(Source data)
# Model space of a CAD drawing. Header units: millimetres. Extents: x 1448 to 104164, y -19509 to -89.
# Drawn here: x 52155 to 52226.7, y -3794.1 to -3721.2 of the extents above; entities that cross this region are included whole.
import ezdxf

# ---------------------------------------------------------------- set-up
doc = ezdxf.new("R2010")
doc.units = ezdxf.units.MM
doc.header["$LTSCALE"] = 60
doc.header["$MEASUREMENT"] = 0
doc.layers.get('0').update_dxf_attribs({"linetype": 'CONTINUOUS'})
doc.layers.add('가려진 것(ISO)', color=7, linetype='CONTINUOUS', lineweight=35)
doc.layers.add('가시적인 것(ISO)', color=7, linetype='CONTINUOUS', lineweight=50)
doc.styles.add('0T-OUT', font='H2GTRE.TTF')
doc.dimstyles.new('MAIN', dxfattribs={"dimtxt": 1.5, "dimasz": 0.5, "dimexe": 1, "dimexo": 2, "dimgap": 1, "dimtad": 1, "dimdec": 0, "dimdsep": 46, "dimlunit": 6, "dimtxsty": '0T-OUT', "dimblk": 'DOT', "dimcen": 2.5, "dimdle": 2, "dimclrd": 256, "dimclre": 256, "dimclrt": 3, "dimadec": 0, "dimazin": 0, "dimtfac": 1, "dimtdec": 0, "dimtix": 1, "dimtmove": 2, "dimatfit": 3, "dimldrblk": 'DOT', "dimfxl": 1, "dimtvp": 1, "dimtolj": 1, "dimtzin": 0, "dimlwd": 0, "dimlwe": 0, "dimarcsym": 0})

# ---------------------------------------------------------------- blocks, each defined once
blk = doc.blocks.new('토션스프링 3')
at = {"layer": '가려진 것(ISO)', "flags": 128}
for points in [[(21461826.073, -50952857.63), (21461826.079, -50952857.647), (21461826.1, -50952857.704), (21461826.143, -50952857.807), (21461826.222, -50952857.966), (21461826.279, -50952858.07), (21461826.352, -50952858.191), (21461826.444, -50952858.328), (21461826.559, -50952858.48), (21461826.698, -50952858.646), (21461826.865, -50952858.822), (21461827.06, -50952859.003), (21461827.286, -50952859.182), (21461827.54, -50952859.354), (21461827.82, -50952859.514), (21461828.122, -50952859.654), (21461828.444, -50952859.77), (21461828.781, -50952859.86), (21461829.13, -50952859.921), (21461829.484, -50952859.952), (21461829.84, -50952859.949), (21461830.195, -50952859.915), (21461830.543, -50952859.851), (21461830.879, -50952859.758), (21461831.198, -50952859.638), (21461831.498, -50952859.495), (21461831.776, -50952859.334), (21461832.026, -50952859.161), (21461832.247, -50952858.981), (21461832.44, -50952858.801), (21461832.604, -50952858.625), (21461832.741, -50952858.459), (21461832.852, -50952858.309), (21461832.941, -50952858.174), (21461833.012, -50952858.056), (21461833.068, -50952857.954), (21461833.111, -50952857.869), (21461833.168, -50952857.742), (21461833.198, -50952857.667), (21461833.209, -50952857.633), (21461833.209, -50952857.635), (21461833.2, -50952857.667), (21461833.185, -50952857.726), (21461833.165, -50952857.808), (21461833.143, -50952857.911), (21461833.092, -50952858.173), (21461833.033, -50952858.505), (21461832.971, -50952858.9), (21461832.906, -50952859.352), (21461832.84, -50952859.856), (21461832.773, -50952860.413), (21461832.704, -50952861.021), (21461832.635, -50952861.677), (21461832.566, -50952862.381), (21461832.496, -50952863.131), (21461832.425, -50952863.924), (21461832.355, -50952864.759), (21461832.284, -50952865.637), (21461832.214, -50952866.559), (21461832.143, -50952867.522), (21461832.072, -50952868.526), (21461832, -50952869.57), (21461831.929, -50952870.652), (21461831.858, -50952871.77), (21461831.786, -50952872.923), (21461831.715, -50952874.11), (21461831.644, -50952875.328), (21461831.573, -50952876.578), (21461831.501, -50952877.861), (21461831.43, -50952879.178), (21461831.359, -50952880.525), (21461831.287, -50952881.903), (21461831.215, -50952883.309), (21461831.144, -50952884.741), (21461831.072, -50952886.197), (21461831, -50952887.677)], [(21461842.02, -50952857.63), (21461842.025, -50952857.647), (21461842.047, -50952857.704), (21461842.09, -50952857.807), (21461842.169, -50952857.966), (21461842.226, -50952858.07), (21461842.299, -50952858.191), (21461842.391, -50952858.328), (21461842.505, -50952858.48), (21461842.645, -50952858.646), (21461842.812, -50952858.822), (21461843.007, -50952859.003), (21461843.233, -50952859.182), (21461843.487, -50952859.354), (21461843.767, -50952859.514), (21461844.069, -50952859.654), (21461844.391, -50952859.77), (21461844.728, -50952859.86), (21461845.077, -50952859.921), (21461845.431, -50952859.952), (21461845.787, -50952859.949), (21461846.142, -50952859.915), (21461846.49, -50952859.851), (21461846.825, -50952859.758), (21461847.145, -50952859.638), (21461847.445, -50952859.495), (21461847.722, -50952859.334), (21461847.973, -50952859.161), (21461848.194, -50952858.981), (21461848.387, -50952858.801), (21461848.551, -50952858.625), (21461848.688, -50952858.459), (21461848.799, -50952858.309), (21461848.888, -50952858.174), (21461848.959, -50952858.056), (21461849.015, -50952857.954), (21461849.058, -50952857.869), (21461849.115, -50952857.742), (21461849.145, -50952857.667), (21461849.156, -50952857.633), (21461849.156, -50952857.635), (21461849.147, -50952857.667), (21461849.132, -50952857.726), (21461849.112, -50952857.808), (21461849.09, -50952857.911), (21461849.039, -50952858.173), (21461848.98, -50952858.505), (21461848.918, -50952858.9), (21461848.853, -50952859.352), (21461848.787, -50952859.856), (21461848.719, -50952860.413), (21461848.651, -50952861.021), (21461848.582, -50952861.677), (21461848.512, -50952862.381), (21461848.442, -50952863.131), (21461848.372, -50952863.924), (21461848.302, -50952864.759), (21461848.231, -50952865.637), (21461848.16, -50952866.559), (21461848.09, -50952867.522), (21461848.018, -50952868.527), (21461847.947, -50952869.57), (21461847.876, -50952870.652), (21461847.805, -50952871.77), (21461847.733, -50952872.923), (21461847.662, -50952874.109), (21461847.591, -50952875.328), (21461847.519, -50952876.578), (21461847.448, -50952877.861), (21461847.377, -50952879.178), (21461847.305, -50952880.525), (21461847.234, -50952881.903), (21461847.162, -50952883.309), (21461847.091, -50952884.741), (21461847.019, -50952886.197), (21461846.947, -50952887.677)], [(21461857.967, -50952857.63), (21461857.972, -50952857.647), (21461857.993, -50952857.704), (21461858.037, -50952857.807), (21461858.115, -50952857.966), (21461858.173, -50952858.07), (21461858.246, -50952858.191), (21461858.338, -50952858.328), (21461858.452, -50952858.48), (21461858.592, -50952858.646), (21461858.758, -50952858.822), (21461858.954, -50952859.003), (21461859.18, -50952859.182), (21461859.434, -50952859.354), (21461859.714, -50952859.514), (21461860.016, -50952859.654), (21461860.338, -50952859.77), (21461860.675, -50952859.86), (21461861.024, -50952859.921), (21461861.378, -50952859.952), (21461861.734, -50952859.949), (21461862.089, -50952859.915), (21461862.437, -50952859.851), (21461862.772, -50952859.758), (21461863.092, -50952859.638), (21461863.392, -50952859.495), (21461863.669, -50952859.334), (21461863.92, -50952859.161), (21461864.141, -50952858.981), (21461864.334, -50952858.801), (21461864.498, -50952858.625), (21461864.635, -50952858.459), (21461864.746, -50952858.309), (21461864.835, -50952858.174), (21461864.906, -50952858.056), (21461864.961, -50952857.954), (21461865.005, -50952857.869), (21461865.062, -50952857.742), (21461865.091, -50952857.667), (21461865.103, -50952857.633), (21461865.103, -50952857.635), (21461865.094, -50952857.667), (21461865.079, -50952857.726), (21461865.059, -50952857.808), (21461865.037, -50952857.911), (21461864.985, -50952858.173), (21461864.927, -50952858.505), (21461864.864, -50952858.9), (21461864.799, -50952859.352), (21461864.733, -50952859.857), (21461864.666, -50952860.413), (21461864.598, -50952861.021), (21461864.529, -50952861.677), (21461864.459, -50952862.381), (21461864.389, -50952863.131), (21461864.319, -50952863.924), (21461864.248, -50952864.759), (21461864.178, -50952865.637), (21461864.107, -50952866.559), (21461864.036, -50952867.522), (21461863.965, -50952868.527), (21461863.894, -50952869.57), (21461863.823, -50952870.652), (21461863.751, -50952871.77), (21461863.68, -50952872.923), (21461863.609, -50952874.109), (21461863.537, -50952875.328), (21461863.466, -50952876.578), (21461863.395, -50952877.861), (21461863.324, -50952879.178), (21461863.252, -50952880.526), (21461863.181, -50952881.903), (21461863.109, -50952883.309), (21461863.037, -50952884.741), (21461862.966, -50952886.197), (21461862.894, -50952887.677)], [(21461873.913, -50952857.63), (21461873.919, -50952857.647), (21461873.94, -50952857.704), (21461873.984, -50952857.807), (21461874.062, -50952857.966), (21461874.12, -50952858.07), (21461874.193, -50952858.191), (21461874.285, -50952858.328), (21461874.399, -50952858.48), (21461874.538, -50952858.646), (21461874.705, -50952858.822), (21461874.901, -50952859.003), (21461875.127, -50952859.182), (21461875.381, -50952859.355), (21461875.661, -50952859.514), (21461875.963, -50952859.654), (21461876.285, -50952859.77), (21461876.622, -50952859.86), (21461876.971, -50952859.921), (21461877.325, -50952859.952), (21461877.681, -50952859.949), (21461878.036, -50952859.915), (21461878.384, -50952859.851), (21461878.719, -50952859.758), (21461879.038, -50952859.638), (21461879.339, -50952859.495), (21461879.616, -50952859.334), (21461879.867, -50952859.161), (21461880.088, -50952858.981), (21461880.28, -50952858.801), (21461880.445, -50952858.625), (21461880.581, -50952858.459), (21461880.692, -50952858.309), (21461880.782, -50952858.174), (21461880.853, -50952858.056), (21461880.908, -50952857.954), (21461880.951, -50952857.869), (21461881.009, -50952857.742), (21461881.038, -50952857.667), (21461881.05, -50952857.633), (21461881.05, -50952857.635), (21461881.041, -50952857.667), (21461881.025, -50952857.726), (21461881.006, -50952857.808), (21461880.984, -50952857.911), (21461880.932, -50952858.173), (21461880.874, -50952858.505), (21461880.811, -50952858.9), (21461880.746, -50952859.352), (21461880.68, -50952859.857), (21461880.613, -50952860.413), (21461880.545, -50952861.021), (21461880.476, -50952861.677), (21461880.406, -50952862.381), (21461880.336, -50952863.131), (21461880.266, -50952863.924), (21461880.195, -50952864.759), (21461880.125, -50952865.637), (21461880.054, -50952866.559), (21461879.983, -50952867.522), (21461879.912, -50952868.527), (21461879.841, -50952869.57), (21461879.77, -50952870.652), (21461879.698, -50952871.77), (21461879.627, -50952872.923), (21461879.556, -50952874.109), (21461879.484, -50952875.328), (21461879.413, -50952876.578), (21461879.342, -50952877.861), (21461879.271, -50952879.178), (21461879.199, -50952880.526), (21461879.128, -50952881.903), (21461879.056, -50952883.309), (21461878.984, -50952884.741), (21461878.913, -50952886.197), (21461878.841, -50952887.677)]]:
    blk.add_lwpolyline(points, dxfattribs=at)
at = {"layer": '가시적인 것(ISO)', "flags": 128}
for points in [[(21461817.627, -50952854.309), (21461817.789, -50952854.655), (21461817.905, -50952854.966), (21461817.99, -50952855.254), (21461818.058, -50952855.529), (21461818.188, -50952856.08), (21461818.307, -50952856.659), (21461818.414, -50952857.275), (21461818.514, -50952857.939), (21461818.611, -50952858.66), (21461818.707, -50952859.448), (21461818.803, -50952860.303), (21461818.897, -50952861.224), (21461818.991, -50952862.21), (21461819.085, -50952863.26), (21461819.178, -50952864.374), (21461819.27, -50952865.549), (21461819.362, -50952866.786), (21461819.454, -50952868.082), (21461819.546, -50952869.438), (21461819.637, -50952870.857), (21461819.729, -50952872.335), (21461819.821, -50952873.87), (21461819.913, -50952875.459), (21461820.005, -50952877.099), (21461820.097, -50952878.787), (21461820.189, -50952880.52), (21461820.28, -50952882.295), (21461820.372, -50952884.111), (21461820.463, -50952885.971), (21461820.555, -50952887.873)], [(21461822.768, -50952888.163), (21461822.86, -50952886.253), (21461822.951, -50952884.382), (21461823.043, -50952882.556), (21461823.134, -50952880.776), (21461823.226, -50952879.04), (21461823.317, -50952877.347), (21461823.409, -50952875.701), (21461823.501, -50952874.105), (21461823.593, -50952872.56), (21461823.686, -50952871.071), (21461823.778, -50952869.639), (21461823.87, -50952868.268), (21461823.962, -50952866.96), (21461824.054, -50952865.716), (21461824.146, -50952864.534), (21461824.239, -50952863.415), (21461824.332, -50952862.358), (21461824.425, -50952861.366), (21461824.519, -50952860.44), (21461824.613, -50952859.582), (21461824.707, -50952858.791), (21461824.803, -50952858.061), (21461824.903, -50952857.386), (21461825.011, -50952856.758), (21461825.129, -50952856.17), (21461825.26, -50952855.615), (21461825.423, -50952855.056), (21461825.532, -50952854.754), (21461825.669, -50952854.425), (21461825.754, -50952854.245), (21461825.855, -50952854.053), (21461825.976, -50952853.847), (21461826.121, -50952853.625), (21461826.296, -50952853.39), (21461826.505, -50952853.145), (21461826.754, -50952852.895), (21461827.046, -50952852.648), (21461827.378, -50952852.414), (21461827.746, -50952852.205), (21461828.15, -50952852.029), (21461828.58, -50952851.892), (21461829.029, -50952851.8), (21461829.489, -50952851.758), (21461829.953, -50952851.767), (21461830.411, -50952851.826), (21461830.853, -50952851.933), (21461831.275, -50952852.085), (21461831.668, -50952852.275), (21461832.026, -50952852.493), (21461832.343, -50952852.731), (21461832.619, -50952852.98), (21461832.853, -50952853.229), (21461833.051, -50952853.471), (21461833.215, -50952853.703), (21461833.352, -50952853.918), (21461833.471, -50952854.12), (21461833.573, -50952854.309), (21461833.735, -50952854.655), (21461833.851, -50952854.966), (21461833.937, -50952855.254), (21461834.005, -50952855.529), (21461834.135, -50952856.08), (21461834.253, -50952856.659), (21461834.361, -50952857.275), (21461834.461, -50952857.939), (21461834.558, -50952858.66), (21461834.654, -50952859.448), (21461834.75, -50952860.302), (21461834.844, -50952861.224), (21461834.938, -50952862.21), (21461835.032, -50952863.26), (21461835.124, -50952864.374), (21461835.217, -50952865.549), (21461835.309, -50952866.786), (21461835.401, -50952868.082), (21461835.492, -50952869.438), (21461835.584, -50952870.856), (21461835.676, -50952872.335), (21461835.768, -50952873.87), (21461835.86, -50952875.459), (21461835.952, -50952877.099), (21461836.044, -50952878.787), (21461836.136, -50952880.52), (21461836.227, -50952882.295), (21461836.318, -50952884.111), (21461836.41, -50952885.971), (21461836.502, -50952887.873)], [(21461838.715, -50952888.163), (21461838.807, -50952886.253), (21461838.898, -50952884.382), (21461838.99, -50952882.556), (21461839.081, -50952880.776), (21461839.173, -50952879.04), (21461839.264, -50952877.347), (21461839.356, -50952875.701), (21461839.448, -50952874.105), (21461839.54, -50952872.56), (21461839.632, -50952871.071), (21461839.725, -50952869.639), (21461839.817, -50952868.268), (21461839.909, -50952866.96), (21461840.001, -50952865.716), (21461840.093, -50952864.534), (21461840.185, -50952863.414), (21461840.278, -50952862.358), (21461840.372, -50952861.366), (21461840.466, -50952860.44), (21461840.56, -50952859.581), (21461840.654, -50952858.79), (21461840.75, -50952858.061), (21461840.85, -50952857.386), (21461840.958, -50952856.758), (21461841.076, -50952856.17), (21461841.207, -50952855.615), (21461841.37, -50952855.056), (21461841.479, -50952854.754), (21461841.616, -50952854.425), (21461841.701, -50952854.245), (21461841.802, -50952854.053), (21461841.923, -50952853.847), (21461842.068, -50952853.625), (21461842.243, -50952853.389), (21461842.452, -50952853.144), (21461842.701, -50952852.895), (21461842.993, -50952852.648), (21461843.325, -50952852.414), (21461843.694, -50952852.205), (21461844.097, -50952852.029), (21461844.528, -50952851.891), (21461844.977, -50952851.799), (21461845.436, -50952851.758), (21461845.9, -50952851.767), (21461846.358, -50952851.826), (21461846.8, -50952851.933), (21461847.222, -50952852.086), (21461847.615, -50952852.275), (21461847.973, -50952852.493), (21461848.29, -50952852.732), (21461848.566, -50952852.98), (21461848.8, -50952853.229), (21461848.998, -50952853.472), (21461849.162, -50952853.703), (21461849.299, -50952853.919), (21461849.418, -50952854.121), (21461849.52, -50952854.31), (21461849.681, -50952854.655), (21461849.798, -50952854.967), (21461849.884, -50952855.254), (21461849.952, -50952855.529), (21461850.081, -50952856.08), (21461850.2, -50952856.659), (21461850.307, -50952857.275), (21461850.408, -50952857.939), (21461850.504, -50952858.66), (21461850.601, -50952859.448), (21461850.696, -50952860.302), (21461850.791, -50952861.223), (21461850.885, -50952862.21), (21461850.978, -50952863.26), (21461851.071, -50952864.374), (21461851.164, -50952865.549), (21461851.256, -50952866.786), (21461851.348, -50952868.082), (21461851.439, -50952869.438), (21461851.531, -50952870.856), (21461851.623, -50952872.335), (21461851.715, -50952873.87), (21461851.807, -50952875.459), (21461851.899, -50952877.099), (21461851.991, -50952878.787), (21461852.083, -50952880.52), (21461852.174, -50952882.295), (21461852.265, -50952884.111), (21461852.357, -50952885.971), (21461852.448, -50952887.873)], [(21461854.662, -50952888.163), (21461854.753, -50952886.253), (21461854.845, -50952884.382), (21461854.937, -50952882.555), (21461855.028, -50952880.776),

◆ WHAT YOU WILL DO
Pull every line with the string "CONTINUOUS" from the data above.

◆ EXERCISE RESULT
doc.layers.get('0').update_dxf_attribs({"linetype": 'CONTINUOUS'})
doc.layers.add('가려진 것(ISO)', color=7, linetype='CONTINUOUS', lineweight=35)
doc.layers.add('가시적인 것(ISO)', color=7, linetype='CONTINUOUS', lineweight=50)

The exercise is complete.